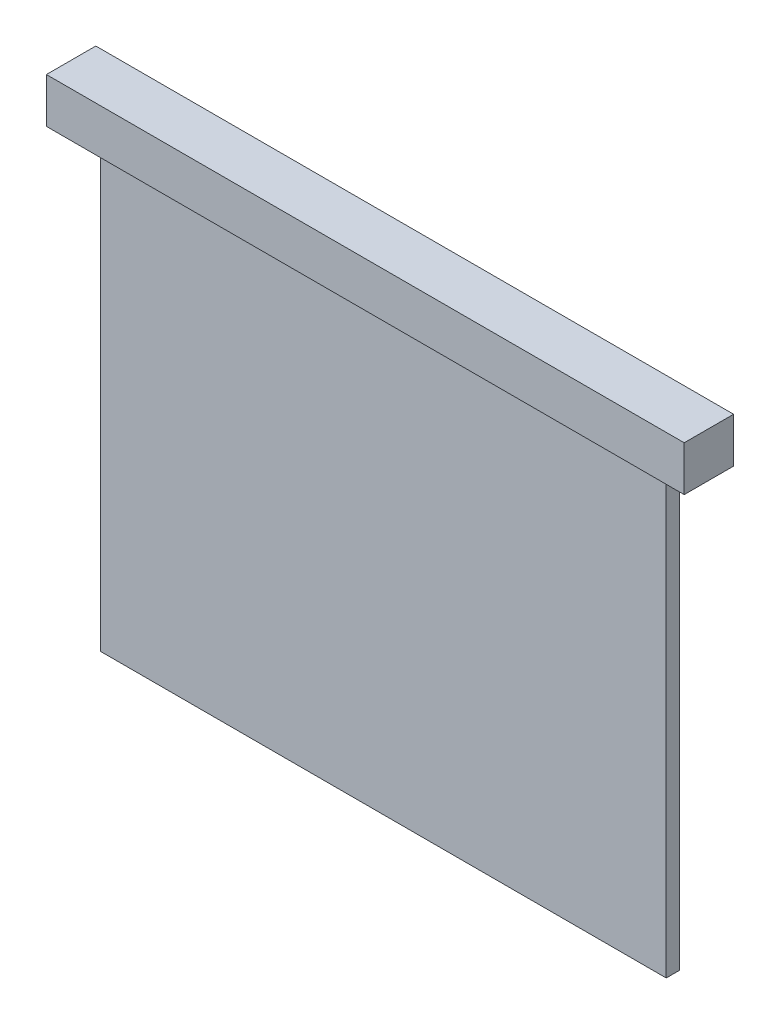
SolidWorks part; units mm, degrees
ref_plane "Front Plane" through (0, 0, 0) normal (0, 0, 1) x (1, 0, 0)
ref_plane "Top Plane" through (0, 0, 0) normal (0, 1, 0) x (1, 0, 0)
ref_plane "Right Plane" through (0, 0, 0) normal (1, 0, 0) x (0, 0, -1)
sketch "Sketch3" plane through (0, 0, 0) normal (0, 0, 1) x (1, 0, 0)
  line L1 (-31.5, -24.8) -> (31.5, -24.8)
  line L2 (-31.5, -24.8) -> (-31.5, 24.8)
  line L3 (-31.5, 24.8) -> (31.5, 24.8)
  line L4 (31.5, -24.8) -> (31.5, 24.8)
  line L5 (-31.5, -24.8) -> (31.5, 24.8) construction
  line L6 (-31.5, 24.8) -> (31.5, -24.8) construction
  point P0 (0, 0)
extrude "Boss-Extrude1" add sketch "Sketch3" along normal blind 1.5
sketch "Sketch10" plane through (31.5, 0, 0) normal (1, 0, 0) x (0, 0, -1)
  line L0 (-1.5, 24.8) -> (0, 24.8)
  line L1 (-1.5, 24.8) -> (-1.5, 29.8)
  line L2 (0, 24.8) -> (0, 29.8)
  line L3 (-1.5, 29.8) -> (0, 29.8)
  line L4 (-1.5, 29.8) -> (-1.5, 24.8)
  line L5 (-1.5, 29.8) -> (-3.5, 29.8)
  line L6 (-1.5, 24.8) -> (-3.5, 24.8)
  line L7 (-3.5, 29.8) -> (-3.5, 24.8)
  line L8 (0, 29.8) -> (0, 24.8)
  line L9 (0, 29.8) -> (2, 29.8)
  line L10 (0, 24.8) -> (2, 24.8)
  line L11 (2, 29.8) -> (2, 24.8)
  line M14 (0, 24.8) -> (-1.5, 24.8)
extrude "Boss-Extrude2" add sketch "Sketch10" against normal blind 63 contours L5 L7 L6 L1 | L3 L1 L2 M14 | L11 L9 L2 L10
sketch "Sketch11" plane through (31.5, 0, 0) normal (1, 0, 0) x (0, 0, -1)
  line L0 (-3.5, 29.8) -> (2, 29.8)
  line L1 (-3.5, 29.8) -> (-3.5, 24.7973)
  line L2 (2, 29.8) -> (2, 24.7973)
  line L3 (-3.5, 24.7973) -> (2, 24.7973)
extrude "Boss-Extrude3" add sketch "Sketch11" along normal blind 4
sketch "Sketch12" plane through (-31.5, 0, 0) normal (-1, 0, 0) x (0, 0, 1)
  line L0 (-2, 29.8) -> (3.5, 29.8)
  line L1 (-2, 29.8) -> (-2, 24.8)
  line L2 (3.5, 29.8) -> (3.5, 24.8)
  line L3 (-2, 24.8) -> (3.5, 24.8)
extrude "Boss-Extrude4" add sketch "Sketch12" along normal blind 4
------------------------------------
(What is being asked)
Please reproduce the listing exactly from its opening line through the line that contains "line L3 (-1.5, 29.8) -> (0, 29.8)", both included, with all pictures omitted.

(Completed task)
SolidWorks part; units mm, degrees
ref_plane "Front Plane" through (0, 0, 0) normal (0, 0, 1) x (1, 0, 0)
ref_plane "Top Plane" through (0, 0, 0) normal (0, 1, 0) x (1, 0, 0)
ref_plane "Right Plane" through (0, 0, 0) normal (1, 0, 0) x (0, 0, -1)
sketch "Sketch3" plane through (0, 0, 0) normal (0, 0, 1) x (1, 0, 0)
  line L1 (-31.5, -24.8) -> (31.5, -24.8)
  line L2 (-31.5, -24.8) -> (-31.5, 24.8)
  line L3 (-31.5, 24.8) -> (31.5, 24.8)
  line L4 (31.5, -24.8) -> (31.5, 24.8)
  line L5 (-31.5, -24.8) -> (31.5, 24.8) construction
  line L6 (-31.5, 24.8) -> (31.5, -24.8) construction
  point P0 (0, 0)
extrude "Boss-Extrude1" add sketch "Sketch3" along normal blind 1.5
sketch "Sketch10" plane through (31.5, 0, 0) normal (1, 0, 0) x (0, 0, -1)
  line L0 (-1.5, 24.8) -> (0, 24.8)
  line L1 (-1.5, 24.8) -> (-1.5, 29.8)
  line L2 (0, 24.8) -> (0, 29.8)
  line L3 (-1.5, 29.8) -> (0, 29.8)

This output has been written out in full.